Pencil signed and numbered

About This Work:

Shelter Serra is an artist born in Bolinas, California, in 1972, nephew of post minimalist artist Richard Serra.

Shelter Serra studied art at the University of California and then earned his MFA from the Rhode Island School of Design. His eccentric and nonconformist style gained attention in the New York art scene in 2009, when he started to transform objects into multimedia works that investigate the cultural status symbol.

Although made in a wide range of materials and media, Shelter Serra’s work is based on only two core concepts: that art should be accessible to everyone and that art should reflect the desires and concerns of everyday people in everyday life.

With his work, Serra tries to question our system of values, particularly concentrating on the concept of luxury and high-end society. He is known for his thought-provoking recreation of iconic objects that symbolize a cultural status, such as the Hermes Birkin bag or the Rolex, one of his most famous subjects, as seen here.

Roley is an object that carries a determined cultural status. The image of the Roley is nothing but an irreverent representation of luxury, materialism, and consumption. By representing this seemingly mundane watch, Serra tries to question the functionality and the meaning, or lack there of, behind an expensive object. 

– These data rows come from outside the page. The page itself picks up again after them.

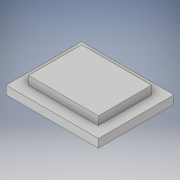
# Autodesk Inventor part: Colorimeter_Seal_Detector
Saved by Autodesk Inventor 2019 (Build 230136000, 136)
## iProperties
Created: 2019-04-03
Part Number: Colorimeter_Seal_Detector
Material: Generic
Document SubType Name: Modeling
Designer: Hansen
Density: 1 g/cm^3
Appearance: Default
Author: Hansen
Autodesk Inventor part; units mm, degrees
ref_plane "YZ Plane" through (0, 0, 0) normal (1, 0, 0) x (0, 1, 0)
ref_plane "XZ Plane" through (0, 0, 0) normal (0, 1, 0) x (-1, 0, 0)
ref_plane "XY Plane" through (0, 0, 0) normal (0, 0, 1) x (1, 0, 0)
sketch "Sketch1" plane through (0, 0, 0) normal (0, 1, 0) x (-1, 0, 0)
  line L0 (-8.25, 6.75) -> (8.25, 6.75)
  line L1 (8.25, 6.75) -> (8.25, -6.75)
  line L2 (8.25, -6.75) -> (-8.25, -6.75)
  line L3 (-8.25, -6.75) -> (-8.25, 6.75)
  line L4 (-8.25, 6.75) -> (8.25, -6.75) construction
  line L5 (8.25, 6.75) -> (-8.25, -6.75) construction
  point P0 (0, 0)
  dimension "d0" = 16.5
  dimension "d1" = 13.5
  constraints: 12 end point, 2 midpoint, 2 parallel, 1 horizontal, 1 perpendicular
  measures "d0" distance of L0.start L0.end
  measures "d1" distance of L0.end L1.end
extrude "Extrusion1" add sketch "Sketch1" along normal blind 1.5
sketch "Sketch2" plane through (0, 1.5, 0) normal (0, 1, 0) x (1, 0, 0)
  line L0 (6.25, -4.75) -> (-6.25, -4.75)
  line L1 (-6.25, -4.75) -> (-6.25, 4.75)
  line L2 (-6.25, 4.75) -> (6.25, 4.75)
  line L3 (6.25, 4.75) -> (6.25, -4.75)
  line L4 (6.25, -4.75) -> (-6.25, 4.75) construction
  line L5 (-6.25, -4.75) -> (6.25, 4.75) construction
  line L6 (-8.25, 6.75) -> (-8.25, -6.75) projected
  line L7 (-8.25, -6.75) -> (8.25, -6.75) projected
  point P0 (0, 0)
  dimension "d4" = 2
  dimension "d5" = 2
  constraints: 12 end point, 2 midpoint, 2 parallel, 1 horizontal, 1 perpendicular
  measures "d4" distance between parallel lines of L1 L6
  measures "d5" distance between parallel lines of L7 L0
extrude "Extrusion2" add sketch "Sketch2" along normal blind 1.5
equation "\"d5\" = d4"
body "Solid1"

Serra created a plastic ‘Fake Rolex’, to be worn on the wrist.  A homage to the ultimate watch of status. These Fake Rolex watches are basically the idea of replicating something and making it available to the everyday consumer. They can be bought for less than $40, clearly mocking the real Rolex and all its social and cultural meanings.

The image of the Roley is one built on questions rather than based on ideas. By representing this worldwide recognizable object in a neutralized and homogenous form, the artist urges the spectators to rethink, and question their values, to discover the absence in an object that we value, and to reflect on the deeper cultural meaning of things and their social, economical or environmental aspects.